Task 4 performs the same analysis as Task 3 but uses raster data. All three grids have the cell resolution of 90 meters. The cell value in soil_gd corresponds to soilrate, the cell value in landuse_gd corresponds to lurate, and the cell value in depwater_gd corresponds to dwrate.

  1. Add soil_gd, landuse_gd, and depwater_gd to Tasks 3&4. First, reclassify 99 in landuse_gd as NoData because the cell value of 99 represents urban areas, which should not be included in the model.
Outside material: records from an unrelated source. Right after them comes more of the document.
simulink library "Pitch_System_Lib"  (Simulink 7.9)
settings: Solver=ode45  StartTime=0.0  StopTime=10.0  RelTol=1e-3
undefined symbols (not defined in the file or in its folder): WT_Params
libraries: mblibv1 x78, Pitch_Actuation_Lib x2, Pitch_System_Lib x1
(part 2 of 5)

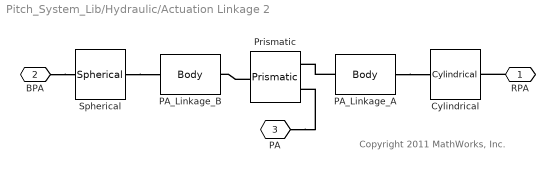
== system Pitch_System_Lib/Hydraulic/Actuation Linkage 2 ==
  note: Copyright 2011 MathWorks, Inc.
  Cylindrical : mblibv1/Joints/Cylindrical  PhysicalDomain=mechanical  SubClassName=Unknown  LeftPortType=blob  RightPortType=blob  LConnTagsString=__newl0  RConnTagsString=__newr0  UpdateFromCAD=off  NumSAPorts=0  CutJoint=off  MarkAsCut=off  Primitives=prismatic  PrimitiveProps=P1$Follower$[0 1 0]$prismatic#R1$Follower$[0 1 0]$revolute  DialogClass=JointBlock  P1Axis=[0 1 0]  R1Axis=[0 1 0]
  PA_Linkage_A : mblibv1/Bodies/Body  PhysicalDomain=mechanical  SubClassName=Unknown  LeftPortType=workingframe  RightPortType=workingframe  LConnTagsString=CS2  RConnTagsString=CS1  UpdateFromCAD=off  DialogClass=MechanicalBodyBlock  Mass=WT_Params.Pitch_Actuator.cylinder_mass  MassUnits=kg  InertiaUnits=kg*m^2  Inertia=WT_Params.Pitch_Actuator.cylinder_inertia  Shape=Cylinder  ShapeDims=[1 1]  ShapeUnits=m  ShapeUse=false  Density=1  DensityUnits=kg/m^3  DensityUse=false  GraphicsMode=MACHINE_DEFAULT  BodyColorSelMode=COLORPALETTE  BodyColor="[1     0.56863    0.011765]"  AttachedToCS=CG  CG=Left$CG$[WT_Params.Pitch_Actuator.cylinder_length/2 0 0]$CS2$CS2$m$[0 0 0]$Euler X-Y-Z$deg$CS1$false$none  WorkingFrames="Right$CS1$[WT_Params.Pitch_Actuator.cylinder_length 0 0]$CS2$CS2$m$[0 0 0]$Euler X-Y-Z$deg$Adjoining$true$none#Left$CS2$[0 0 0]$Adjoining$Adjoining$m$[0 0 0]$Euler X-Y-Z$deg$CS1$true$none#Right$CS7$[0 WT_Params.Pitch_Actuator.Geometry.outer_radius*cos(0)  WT_Params.Pitch_Actuator.Geometry.outer_radius*sin(0)]$CS1$CS1$m$[0 0 0]$Euler X-Y-Z$deg$CS1$false$none#Right$CS8$[0 WT_Params.Pitch_Actuator.Geometry.outer_radius*cos(0.2*pi)  WT_Params.Pitch_Actuator.Geometry.outer_radius*sin(0.2*pi)]$CS1$CS1$m$[0 0 0]$Euler X-Y-Z$deg$CS1$false$none#Right$CS9$[0 WT_Params.Pitch_Actuator.Geometry.outer_radius*cos(0.4*pi)  WT_Params.Pitch_Actuator.Geometry.outer_radius*sin(0.4*pi)]$CS1$CS1$m$[0 0 0]$Euler X-Y-Z$deg$CS1$false$none#Right$CS10$[0 WT_Params.Pitch_Actuator.Geometry.outer_radius*cos(0.6*pi)  WT_Params.Pitch_Actuator.Geometry.outer_radius*sin(0.6*pi)]$CS1$CS1$m$[0 0 0]$Euler X-Y-Z$deg$CS1$false$none#Right$CS11$[0 WT_Params.Pitch_Actuator.Geometry.outer_radius*cos(0.8*pi)  WT_Params.Pitch_Actuator.Geometry.outer_radius*sin(0.8*pi)]$CS1$CS1$m$[0 0 0]$Euler X-Y-Z$deg$CS1$false$none#Right$CS12$[0 WT_Params.Pitch_Actuator.Geometry.outer_radius*cos(1.0*pi)  WT_Params.Pitch_Actuator.Geometry.outer_radius*sin(1.0*pi)]$CS1$CS1$m$[0 0 0]$Euler X-Y-Z$deg$CS1$false$none#Right$CS13$[0 WT_Params.Pitch_Actuator.Geometry.outer_radius*cos(1.2*pi)  WT_Params.Pitch_Actuator.Geometry.outer_radius*sin(1.2*pi)]$CS1$CS1$m$[0 0 0]$Euler X-Y-Z$deg$CS1$false$none#Right$CS14$[0 WT_Params.Pitch_Actuator.Geometry.outer_radius*cos(1.4*pi)  WT_Params.Pitch_Actuator.Geometry.outer_radius*sin(1.4*pi)]$CS1$CS1$m$[0 0 0]$Euler X-Y-Z$deg$CS1$false$none#Right$CS15$[0 WT_Params.Pitch_Actuator.Geometry.outer_radius*cos(1.6*pi)  WT_Params.Pitch_Actuator.Geometry.outer_radius*sin(1.6*pi)]$CS1$CS1$m$[0 0 0]$Euler X-Y-Z$deg$CS1$false$none#Right$CS16$[0 WT_Params.Pitch_Actuator.Geometry.outer_radius*cos(1.8*pi)  WT_Params.Pitch_Actuator.Geometry.outer_radius*sin(1.8*pi)]$CS1$CS1$m$[0 0 0]$Euler X-Y-Z$deg$CS1$false$none#Right$CS17$[-WT_Params.Pitch_Actuator.cylinder_length WT_Params.Pitch_Actuator.Geometry.outer_radius*cos(0)  WT_Params.Pitch_Actuator.Geometry.outer_radius*sin(0)]$CS1$CS1$m$[0 0 0]$Euler X-Y-Z$deg$CS1$false$none#Right$CS18$[-WT_Params.Pitch_Actuator.cylinder_length WT_Params.Pitch_Actuator.Geometry.outer_radius*cos(0.2*pi)  WT_Params.Pitch_Actuator.Geometry.outer_radius*sin(0.2*pi)]$CS1$CS1$m$[0 0 0]$Euler X-Y-Z$deg$CS1$false$none#Right$CS19$[-WT_Params.Pitch_Actuator.cylinder_length WT_Params.Pitch_Actuator.Geometry.outer_radius*cos(0.4*pi)  WT_Params.Pitch_Actuator.Geometry.outer_radius*sin(0.4*pi)]$CS1$CS1$m$[0 0 0]$Euler X-Y-Z$deg$CS1$false$none#Right$CS20$[-WT_Params.Pitch_Actuator.cylinder_length WT_Params.Pitch_Actuator.Geometry.outer_radius*cos(0.6*pi)  WT_Params.Pitch_Actuator.Geometry.outer_radius*sin(0.6*pi)]$CS1$CS1$m$[0 0 0]$Euler X-Y-Z$deg$CS1$false$none#Right$CS21$[-WT_Params.Pitch_Actuator.cylinder_length WT_Params.Pitch_Actuator.Geometry.outer_radius*cos(0.8*pi)  WT_Params.Pitch_Actuator.Geometry.outer_radius*sin(0.8*pi)]$CS1$CS1$m$[0 0 0]$Euler X-Y-Z$deg$CS1$false$none#Right$CS22$[-WT_Params.Pitch_Actuator.cylinder_length WT_Params.Pitch_Actuator.Geometry.outer_radius*cos(1.0*pi)  WT_Params.Pitch_Actuator.Geometry.outer_radius*sin(1.0*pi)]$CS1$CS1$m$[0 0 0]$Euler X-Y-Z$deg$CS1$false$none#Right$CS23$[-WT_Params.Pitch_Actuator.cylinder_length WT_Params.Pitch_Actuator.Geometry.outer_radius*cos(1.2*pi)  WT_Params.Pitch_Actuator.Geometry.outer_radius*sin(1.2*pi)]$CS1$CS1$m$[0 0 0]$Euler X-Y-Z$deg$CS1$false$none#Right$CS24$[-WT_Params.Pitch_Actuator.cylinder_length WT_Params.Pitch_Actuator.Geometry.outer_radius*cos(1.4*pi)  WT_Params.Pitch_Actuator.Geometry.outer_radius*sin(1.4*pi)]$CS1$CS1$m$[0 0 0]$Euler X-Y-Z$deg$CS1$false$none#Right$CS25$[-WT_Params.Pitch_Actuator.cylinder_length WT_Params.Pitch_Actuator.Geometry.outer_radius*cos(1.6*pi)  WT_Params.Pitch_Actuator.Geometry.outer_radius*sin(1.6*pi)]$CS1$CS1$m$[0 0 0]$Euler X-Y-Z$deg$CS1$false$none#Right$CS26$[-WT_Params.Pitch_Actuator.cylinder_length WT_Params.Pitch_Actuator.Geometry.outer_radius*cos(1.8*pi)  WT_Params.Pitch_Actuator.Geometry.outer_radius*sin(1.8*pi)]$CS1$CS1$m$[0 0 0]$Euler X-Y-Z$deg$CS1$false$none"  CGPos=[WT_Params.Pitch_Actuator.cylinder_length/2 0 0]  CGRot=[0 0 0]  CS0Pos=[]  CS0Rot=[]  CS1Pos=[WT_Params.Pitch_Actuator.cylinder_length 0 0]  CS1Rot=[0 0 0]  CS2Pos=[0 0 0]  CS2Rot=[0 0 0]  CS3Pos=[]  CS3Rot=[]  CS4Pos=[]  CS4Rot=[]  CS5Pos=[]  CS5Rot=[]  CS6Pos=[]  CS6Rot=[]  CS7Pos="[0 WT_Params.Pitch_Actuator.Geometry.outer_radius*cos(0)  WT_Params.Pitch_Actuator.Geometry.outer_radius*sin(0)]"  CS7Rot=[0 0 0]  CS8Pos="[0 WT_Params.Pitch_Actuator.Geometry.outer_radius*cos(0.2*pi)  WT_Params.Pitch_Actuator.Geometry.outer_radius*sin(0.2*pi)]"  CS8Rot=[0 0 0]  CS9Pos="[0 WT_Params.Pitch_Actuator.Geometry.outer_radius*cos(0.4*pi)  WT_Params.Pitch_Actuator.Geometry.outer_radius*sin(0.4*pi)]"  CS9Rot=[0 0 0]  CS10Pos="[0 WT_Params.Pitch_Actuator.Geometry.outer_radius*cos(0.6*pi)  WT_Params.Pitch_Actuator.Geometry.outer_radius*sin(0.6*pi)]"  CS10Rot=[0 0 0]  CS11Pos="[0 WT_Params.Pitch_Actuator.Geometry.outer_radius*cos(0.8*pi)  WT_Params.Pitch_Actuator.Geometry.outer_radius*sin(0.8*pi)]"  CS11Rot=[0 0 0]  CS12Pos="[0 WT_Params.Pitch_Actuator.Geometry.outer_radius*cos(1.0*pi)  WT_Params.Pitch_Actuator.Geometry.outer_radius*sin(1.0*pi)]"  CS12Rot=[0 0 0]  CS13Pos="[0 WT_Params.Pitch_Actuator.Geometry.outer_radius*cos(1.2*pi)  WT_Params.Pitch_Actuator.Geometry.outer_radius*sin(1.2*pi)]"  CS13Rot=[0 0 0]  CS14Pos="[0 WT_Params.Pitch_Actuator.Geometry.outer_radius*cos(1.4*pi)  WT_Params.Pitch_Actuator.Geometry.outer_radius*sin(1.4*pi)]"  CS14Rot=[0 0 0]  CS15Pos="[0 WT_Params.Pitch_Actuator.Geometry.outer_radius*cos(1.6*pi)  WT_Params.Pitch_Actuator.Geometry.outer_radius*sin(1.6*pi)]"  CS15Rot=[0 0 0]  CS16Pos="[0 WT_Params.Pitch_Actuator.Geometry.outer_radius*cos(1.8*pi)  WT_Params.Pitch_Actuator.Geometry.outer_radius*sin(1.8*pi)]"  CS16Rot=[0 0 0]  CS17Pos="[-WT_Params.Pitch_Actuator.cylinder_length WT_Params.Pitch_Actuator.Geometry.outer_radius*cos(0)  WT_Params.Pitch_Actuator.Geometry.outer_radius*sin(0)]"  CS17Rot=[0 0 0]  CS18Pos="[-WT_Params.Pitch_Actuator.cylinder_length WT_Params.Pitch_Actuator.Geometry.outer_radius*cos(0.2*pi)  WT_Params.Pitch_Actuator.Geometry.outer_radius*sin(0.2*pi)]"  CS18Rot=[0 0 0]  CS19Pos="[-WT_Params.Pitch_Actuator.cylinder_length WT_Params.Pitch_Actuator.Geometry.outer_radius*cos(0.4*pi)  WT_Params.Pitch_Actuator.Geometry.outer_radius*sin(0.4*pi)]"  CS19Rot=[0 0 0]  CS20Pos="[-WT_Params.Pitch_Actuator.cylinder_length WT_Params.Pitch_Actuator.Geometry.outer_radius*cos(0.6*pi)  WT_Params.Pitch_Actuator.Geometry.outer_radius*sin(0.6*pi)]"  CS20Rot=[0 0 0]
  PA_Linkage_B : mblibv1/Bodies/Body  PhysicalDomain=mechanical  SubClassName=Unknown  LeftPortType=workingframe  RightPortType=workingframe  LConnTagsString=CS2  RConnTagsString=CS1  UpdateFromCAD=off  DialogClass=MechanicalBodyBlock  Mass=WT_Params.Pitch_Actuator.rod_mass  MassUnits=kg  InertiaUnits=kg*m^2  Inertia=WT_Params.Pitch_Actuator.rod_inertia  Shape=Cylinder  ShapeDims=[1 1]  ShapeUnits=m  ShapeUse=false  Density=1  DensityUnits=kg/m^3  DensityUse=false  GraphicsMode=MACHINE_DEFAULT  BodyColorSelMode=COLORPALETTE  BodyColor="[0.31373     0.31765     0.31373]"  AttachedToCS=CG  CG=Left$CG$[-WT_Params.Pitch_Actuator.cylinder_length/2 0 0]$CS1$CS1$m$[0 0 0]$Euler X-Y-Z$deg$CS1$false$none  WorkingFrames="Right$CS1$[0 0 0]$Adjoining$Adjoining$m$[0 0 0]$Euler X-Y-Z$deg$Adjoining$true$none#Left$CS2$[-WT_Params.Pitch_Actuator.cylinder_length 0 0]$CS1$CS1$m$[0 0 0]$Euler X-Y-Z$deg$CS1$true$none#Right$CS7$[0 WT_Params.Pitch_Actuator.Geometry.inner_radius*cos(0)  WT_Params.Pitch_Actuator.Geometry.inner_radius*sin(0)]$CS1$CS1$m$[0 0 0]$Euler X-Y-Z$deg$CS1$false$none#Right$CS8$[0 WT_Params.Pitch_Actuator.Geometry.inner_radius*cos(0.2*pi)  WT_Params.Pitch_Actuator.Geometry.inner_radius*sin(0.2*pi)]$CS1$CS1$m$[0 0 0]$Euler X-Y-Z$deg$CS1$false$none#Right$CS9$[0 WT_Params.Pitch_Actuator.Geometry.inner_radius*cos(0.4*pi)  WT_Params.Pitch_Actuator.Geometry.inner_radius*sin(0.4*pi)]$CS1$CS1$m$[0 0 0]$Euler X-Y-Z$deg$CS1$false$none#Right$CS10$[0 WT_Params.Pitch_Actuator.Geometry.inner_radius*cos(0.6*pi)  WT_Params.Pitch_Actuator.Geometry.inner_radius*sin(0.6*pi)]$CS1$CS1$m$[0 0 0]$Euler X-Y-Z$deg$CS1$false$none#Right$CS11$[0 WT_Params.Pitch_Actuator.Geometry.inner_radius*cos(0.8*pi)  WT_Params.Pitch_Actuator.Geometry.inner_radius*sin(0.8*pi)]$CS1$CS1$m$[0 0 0]$Euler X-Y-Z$deg$CS1$false$none#Right$CS12$[0 WT_Params.Pitch_Actuator.Geometry.inner_radius*cos(1.0*pi)  WT_Params.Pitch_Actuator.Geometry.inner_radius*sin(1.0*pi)]$CS1$CS1$m$[0 0 0]$Euler X-Y-Z$deg$CS1$false$none#Right$CS13$[0 WT_Params.Pitch_Actuator.Geometry.inner_radius*cos(1.2*pi)  WT_Params.Pitch_Actuator.Geometry.inner_radius*sin(1.2*pi)]$CS1$CS1$m$[0 0 0]$Euler X-Y-Z$deg$CS1$false$none#Right$CS14$[0 WT_Params.Pitch_Actuator.Geometry.inner_radius*cos(1.4*pi)  WT_Params.Pitch_Actuator.Geometry.inner_radius*sin(1.4*pi)]$CS1$CS1$m$[0 0 0]$Euler X-Y-Z$deg$CS1$false$none#Right$CS15$[0 WT_Params.Pitch_Actuator.Geometry.inner_radius*cos(1.6*pi)  WT_Params.Pitch_Actuator.Geometry.inner_radius*sin(1.6*pi)]$CS1$CS1$m$[0 0 0]$Euler X-Y-Z$deg$CS1$false$none#Right$CS16$[0 WT_Params.Pitch_Actuator.Geometry.inner_radius*cos(1.8*pi)  WT_Params.Pitch_Actuator.Geometry.inner_radius*sin(1.8*pi)]$CS1$CS1$m$[0 0 0]$Euler X-Y-Z$deg$CS1$false$none#Right$CS17$[-WT_Params.Pitch_Actuator.cylinder_length WT_Params.Pitch_Actuator.Geometry.inner_radius*cos(0)  WT_Params.Pitch_Actuator.Geometry.inner_radius*sin(0)]$CS1$CS1$m$[0 0 0]$Euler X-Y-Z$deg$CS1$false$none#Right$CS18$[-WT_Params.Pitch_Actuator.cylinder_length WT_Params.Pitch_Actuator.Geometry.inner_radius*cos(0.2*pi)  WT_Params.Pitch_Actuator.Geometry.inner_radius*sin(0.2*pi)]$CS1$CS1$m$[0 0 0]$Euler X-Y-Z$deg$CS1$false$none#Right$CS19$[-WT_Params.Pitch_Actuator.cylinder_length WT_Params.Pitch_Actuator.Geometry.inner_radius*cos(0.4*pi)  WT_Params.Pitch_Actuator.Geometry.inner_radius*sin(0.4*pi)]$CS1$CS1$m$[0 0 0]$Euler X-Y-Z$deg$CS1$false$none#Right$CS20$[-WT_Params.Pitch_Actuator.cylinder_length WT_Params.Pitch_Actuator.Geometry.inner_radius*cos(0.6*pi)  WT_Params.Pitch_Actuator.Geometry.inner_radius*sin(0.6*pi)]$CS1$CS1$m$[0 0 0]$Euler X-Y-Z$deg$CS1$false$none#Right$CS21$[-WT_Params.Pitch_Actuator.cylinder_length WT_Params.Pitch_Actuator.Geometry.inner_radius*cos(0.8*pi)  WT_Params.Pitch_Actuator.Geometry.inner_radius*sin(0.8*pi)]$CS1$CS1$m$[0 0 0]$Euler X-Y-Z$deg$CS1$false$none#Right$CS22$[-WT_Params.Pitch_Actuator.cylinder_length WT_Params.Pitch_Actuator.Geometry.inner_radius*cos(1.0*pi)  WT_Params.Pitch_Actuator.Geometry.inner_radius*sin(1.0*pi)]$CS1$CS1$m$[0 0 0]$Euler X-Y-Z$deg$CS1$false$none#Right$CS23$[-WT_Params.Pitch_Actuator.cylinder_length WT_Params.Pitch_Actuator.Geometry.inner_radius*cos(1.2*pi)  WT_Params.Pitch_Actuator.Geometry.inner_radius*sin(1.2*pi)]$CS1$CS1$m$[0 0 0]$Euler X-Y-Z$deg$CS1$false$none#Right$CS24$[-WT_Params.Pitch_Actuator.cylinder_length WT_Params.Pitch_Actuator.Geometry.inner_radius*cos(1.4*pi)  WT_Params.Pitch_Actuator.Geometry.inner_radius*sin(1.4*pi)]$CS1$CS1$m$[0 0 0]$Euler X-Y-Z$deg$CS1$false$none#Right$CS25$[-WT_Params.Pitch_Actuator.cylinder_length WT_Params.Pitch_Actuator.Geometry.inner_radius*cos(1.6*pi)  WT_Params.Pitch_Actuator.Geometry.inner_radius*sin(1.6*pi)]$CS1$CS1$m$[0 0 0]$Euler X-Y-Z$deg$CS1$false$none#Right$CS26$[-WT_Params.Pitch_Actuator.cylinder_length WT_Params.Pitch_Actuator.Geometry.inner_radius*cos(1.8*pi)  WT_Params.Pitch_Actuator.Geometry.inner_radius*sin(1.8*pi)]$CS1$CS1$m$[0 0 0]$Euler X-Y-Z$deg$CS1$false$none"  CGPos=[-WT_Params.Pitch_Actuator.cylinder_length/2 0 0]  CGRot=[0 0 0]  CS0Pos=[]  CS0Rot=[]  CS1Pos=[0 0 0]  CS1Rot=[0 0 0]  CS2Pos=[-WT_Params.Pitch_Actuator.cylinder_length 0 0]  CS2Rot=[0 0 0]  CS3Pos=[]  CS3Rot=[]  CS4Pos=[]  CS4Rot=[]  CS5Pos=[]  CS5Rot=[]  CS6Pos=[]  CS6Rot=[]  CS7Pos="[0 WT_Params.Pitch_Actuator.Geometry.inner_radius*cos(0)  WT_Params.Pitch_Actuator.Geometry.inner_radius*sin(0)]"  CS7Rot=[0 0 0]  CS8Pos="[0 WT_Params.Pitch_Actuator.Geometry.inner_radius*cos(0.2*pi)  WT_Params.Pitch_Actuator.Geometry.inner_radius*sin(0.2*pi)]"  CS8Rot=[0 0 0]  CS9Pos="[0 WT_Params.Pitch_Actuator.Geometry.inner_radius*cos(0.4*pi)  WT_Params.Pitch_Actuator.Geometry.inner_radius*sin(0.4*pi)]"  CS9Rot=[0 0 0]  CS10Pos="[0 WT_Params.Pitch_Actuator.Geometry.inner_radius*cos(0.6*pi)  WT_Params.Pitch_Actuator.Geometry.inner_radius*sin(0.6*pi)]"  CS10Rot=[0 0 0]  CS11Pos="[0 WT_Params.Pitch_Actuator.Geometry.inner_radius*cos(0.8*pi)  WT_Params.Pitch_Actuator.Geometry.inner_radius*sin(0.8*pi)]"  CS11Rot=[0 0 0]  CS12Pos="[0 WT_Params.Pitch_Actuator.Geometry.inner_radius*cos(1.0*pi)  WT_Params.Pitch_Actuator.Geometry.inner_radius*sin(1.0*pi)]"  CS12Rot=[0 0 0]  CS13Pos="[0 WT_Params.Pitch_Actuator.Geometry.inner_radius*cos(1.2*pi)  WT_Params.Pitch_Actuator.Geometry.inner_radius*sin(1.2*pi)]"  CS13Rot=[0 0 0]  CS14Pos="[0 WT_Params.Pitch_Actuator.Geometry.inner_radius*cos(1.4*pi)  WT_Params.Pitch_Actuator.Geometry.inner_radius*sin(1.4*pi)]"  CS14Rot=[0 0 0]  CS15Pos="[0 WT_Params.Pitch_Actuator.Geometry.inner_radius*cos(1.6*pi)  WT_Params.Pitch_Actuator.Geometry.inner_radius*sin(1.6*pi)]"  CS15Rot=[0 0 0]  CS16Pos="[0 WT_Params.Pitch_Actuator.Geometry.inner_radius*cos(1.8*pi)  WT_Params.Pitch_Actuator.Geometry.inner_radius*sin(1.8*pi)]"  CS16Rot=[0 0 0]  CS17Pos="[-WT_Params.Pitch_Actuator.cylinder_length WT_Params.Pitch_Actuator.Geometry.inner_radius*cos(0)  WT_Params.Pitch_Actuator.Geometry.inner_radius*sin(0)]"  CS17Rot=[0 0 0]  CS18Pos="[-WT_Params.Pitch_Actuator.cylinder_length WT_Params.Pitch_Actuator.Geometry.inner_radius*cos(0.2*pi)  WT_Params.Pitch_Actuator.Geometry.inner_radius*sin(0.2*pi)]"  CS18Rot=[0 0 0]  CS19Pos="[-WT_Params.Pitch_Actuator.cylinder_length WT_Params.Pitch_Actuator.Geometry.inner_radius*cos(0.4*pi)  WT_Params.Pitch_Actuator.Geometry.inner_radius*sin(0.4*pi)]"  CS19Rot=[0 0 0]  CS20Pos="[-WT_Params.Pitch_Actuator.cylinder_length WT_Params.Pitch_Actuator.Geometry.inner_radius*cos(0.6*pi)  WT_Params.Pitch_Actuator.Geometry.inner_radius*sin(0.6*pi)]"  CS20Rot=[0 0 0]
  Prismatic : mblibv1/Joints/Prismatic  PhysicalDomain=mechanical  SubClassName=Unknown  LeftPortType=blob  RightPortType=blob  LConnTagsString=__newl0|SA1  RConnTagsString=__newr0  UpdateFromCAD=off  NumSAPorts=1  CutJoint=off  MarkAsCut=off  Primitives=prismatic  PrimitiveProps=P1$Base$[1 0 0]$prismatic  DialogClass=JointBlock  P1Axis=[1 0 0]
  Spherical : mblibv1/Joints/Spherical  LConnTagsString=__newl0  RConnTagsString=__newr0  UpdateFromCAD=off  NumSAPorts=0  CutJoint=off  MarkAsCut=off  Primitives=spherical  PrimitiveProps=S$WORLD$[0 0 0]$spherical  DialogClass=JointBlock  SAxis=[0 0 0]
  RPA : PMIOPort  Port=1  Side=Right
  BPA : PMIOPort  Port=2  Side=Left
  PA : PMIOPort  Tag=PMCPort  Port=3  Side=Left
  connections:
  PA_Linkage_A/RConn1 -- Prismatic/LConn1
  PA_Linkage_A/LConn1 -- Cylindrical/LConn1
  Spherical/RConn1 -- PA_Linkage_B/RConn1
  Prismatic/RConn1 -- PA_Linkage_B/LConn1
  PA/RConn1 -- Prismatic/LConn2
  RPA/RConn1 -- Cylindrical/RConn1
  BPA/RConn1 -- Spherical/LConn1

Click the Spatial Analyst dropdown arrow and choose Reclassify. In the Reclassify dialog, select landuse_gd for the input raster. Click the first cell under New values and enter 20. Click and enter 40, 45, and 50 in the next three cells. Then enter NoData in the next two cells. Click OK to dismiss the dialog. Reclass of landuse_gd is added to the map.
  2. To calculate the index value from soil_gd, reclass of landuse_gd, and depwater_gd, select Raster Calculator from the Spatial Analyst dropdown list. Enter the following expression in the Raster Calculator dialog: [soil_gd] * 3 + [Reclass of lalnduse_gd] + [depwater_gd]. Click Evaluate.
  3. Calculation appears in the map. Like the vector-based model, the index (cell) values of Calculation range from 145.2 to 250. The value range can be easily converted to 0 to 1, a value range preferred by many GIS users. To convert the value range, select Raster Calculator from the Spatial Analyst dropdown list. Enter the following expression in the Raster Calculator dialog: ([Calculation] – 145.2) / (250 – 145.2). The output called Calculation 2 shows the value range from 0 to 1.